### EXCERPTED DATA:
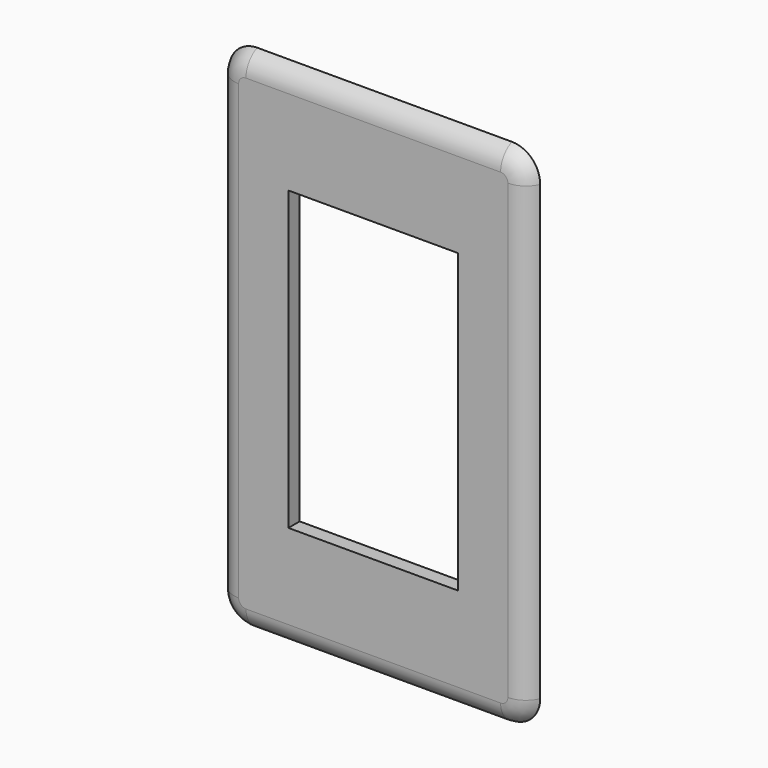
from build123d import *

# Parameters (mm, degrees)
F0_W         = 38.1
F0_H         = 66.675
F1_DEPTH     = 3.175
F2_T1_DEPTH  = 57.15
F2_T3_DEPTH  = 101.6
F2_T6_ANGLE  = 90
F2_T8_ANGLE  = 90
F2_T10_ANGLE = 90
F2_T12_ANGLE = 90


# Not quite as in the source:
# - a fillet or chamfer that OpenCascade refuses, or shapes differently, is made with other operations: its cross-section is extruded or revolved along the edge and cut away or added


with BuildPart() as f1:
    # F0 (on Front) → F1 (new body)
    with BuildSketch(Plane.XZ):
        with BuildLine():
            ThreePointArc((0, 6.35), (1.8598719395, 1.8598719395), (6.35, 0))
            Line((6.35, 0), (63.5, 0))
            ThreePointArc((63.5, 0), (67.9901280605, 1.8598719395), (69.85, 6.35))
            Line((69.85, 6.35), (69.85, 107.95))
            ThreePointArc((69.85, 107.95), (67.9901280605, 112.4401280605), (63.5, 114.3))
            Line((63.5, 114.3), (6.35, 114.3))
            ThreePointArc((6.35, 114.3), (1.8598719395, 112.4401280605), (0, 107.95))
            Line((0, 107.95), (0, 6.35))
        make_face()
        with Locations((34.925, 57.15)):
            Rectangle(F0_W, F0_H, mode=Mode.SUBTRACT)
    extrude(amount=F1_DEPTH)

    # F2: fillet of radius 5.08 on 1 edges, made by hand

    # F2_s2 → F2_t1 (cut)
    with BuildSketch(Plane.YZ.offset(6.35)):
        with BuildLine():
            ThreePointArc((0, 114.3), (-2.3071134838, 112.4305202921), (-3.175, 109.5907139607))
            Line((-3.175, 109.5907139607), (-3.175, 114.3))
            Line((-3.175, 114.3), (0, 114.3))
        make_face()
        with BuildLine():
            ThreePointArc((0, 0), (-2.3071134838, 1.8694797079), (-3.175, 4.7092860393))
            Line((-3.175, 4.7092860393), (-3.175, 0))
            Line((-3.175, 0), (0, 0))
        make_face()
    extrude(amount=F2_T1_DEPTH, mode=Mode.SUBTRACT)

    # F2_s4 → F2_t3 (cut)
    with BuildSketch(Plane.XY.offset(6.35)):
        with BuildLine():
            ThreePointArc((0, 0), (1.8694797079, -2.3071134838), (4.7092860393, -3.175))
            Line((4.7092860393, -3.175), (0, -3.175))
            Line((0, -3.175), (0, 0))
        make_face()
        with BuildLine():
            ThreePointArc((69.85, 0), (67.9805202921, -2.3071134838), (65.1407139607, -3.175))
            Line((65.1407139607, -3.175), (69.85, -3.175))
            Line((69.85, -3.175), (69.85, 0))
        make_face()
    extrude(amount=F2_T3_DEPTH, mode=Mode.SUBTRACT)

    # F2_s5 → F2_t6 (revolve, cut)
    with BuildSketch(Plane.XY.offset(107.95)):
        with BuildLine():
            ThreePointArc((69.85, 0), (67.9805202921, -2.3071134838), (65.1407139607, -3.175))
            Line((65.1407139607, -3.175), (69.85, -3.175))
            Line((69.85, -3.175), (69.85, 0))
        make_face()
    revolve(axis=Axis((63.5, -3.175, 107.95), (0, -1, 0)), revolution_arc=F2_T6_ANGLE, mode=Mode.SUBTRACT)

    # F2_s7 → F2_t8 (revolve, cut)
    with BuildSketch(Plane.YZ.offset(6.35)):
        with BuildLine():
            ThreePointArc((0, 114.3), (-2.3071134838, 112.4305202921), (-3.175, 109.5907139607))
            Line((-3.175, 109.5907139607), (-3.175, 114.3))
            Line((-3.175, 114.3), (0, 114.3))
        make_face()
    revolve(axis=Axis((6.35, -3.175, 107.95), (0, -1, 0)), revolution_arc=F2_T8_ANGLE, mode=Mode.SUBTRACT)

    # F2_s9 → F2_t10 (revolve, cut)
    with BuildSketch(Plane.XY.offset(6.35)):
        with BuildLine():
            ThreePointArc((0, 0), (1.8694797079, -2.3071134838), (4.7092860393, -3.175))
            Line((4.7092860393, -3.175), (0, -3.175))
            Line((0, -3.175), (0, 0))
        make_face()
    revolve(axis=Axis((6.35, -3.175, 6.35), (0, -1, 0)), revolution_arc=F2_T10_ANGLE, mode=Mode.SUBTRACT)

    # F2_s11 → F2_t12 (revolve, cut)
    with BuildSketch(Plane.YZ.offset(63.5)):
        with BuildLine():
            ThreePointArc((0, 0), (-2.3071134838, 1.8694797079), (-3.175, 4.7092860393))
            Line((-3.175, 4.7092860393), (-3.175, 0))
            Line((-3.175, 0), (0, 0))
        make_face()
    revolve(axis=Axis((63.5, -3.175, 6.35), (0, -1, 0)), revolution_arc=F2_T12_ANGLE, mode=Mode.SUBTRACT)


solid = f1.part

### WORK TO BE COMPLETED:
Leave out the pictures and repeat the lines from the start of the material through the line with "1.8598719395), (6.35, 0))", inclusive.

### PROBLEM SOLUTION:
from build123d import *

# Parameters (mm, degrees)
F0_W         = 38.1
F0_H         = 66.675
F1_DEPTH     = 3.175
F2_T1_DEPTH  = 57.15
F2_T3_DEPTH  = 101.6
F2_T6_ANGLE  = 90
F2_T8_ANGLE  = 90
F2_T10_ANGLE = 90
F2_T12_ANGLE = 90


# Not quite as in the source:
# - a fillet or chamfer that OpenCascade refuses, or shapes differently, is made with other operations: its cross-section is extruded or revolved along the edge and cut away or added


with BuildPart() as f1:
    # F0 (on Front) → F1 (new body)
    with BuildSketch(Plane.XZ):
        with BuildLine():
            ThreePointArc((0, 6.35), (1.8598719395, 1.8598719395), (6.35, 0))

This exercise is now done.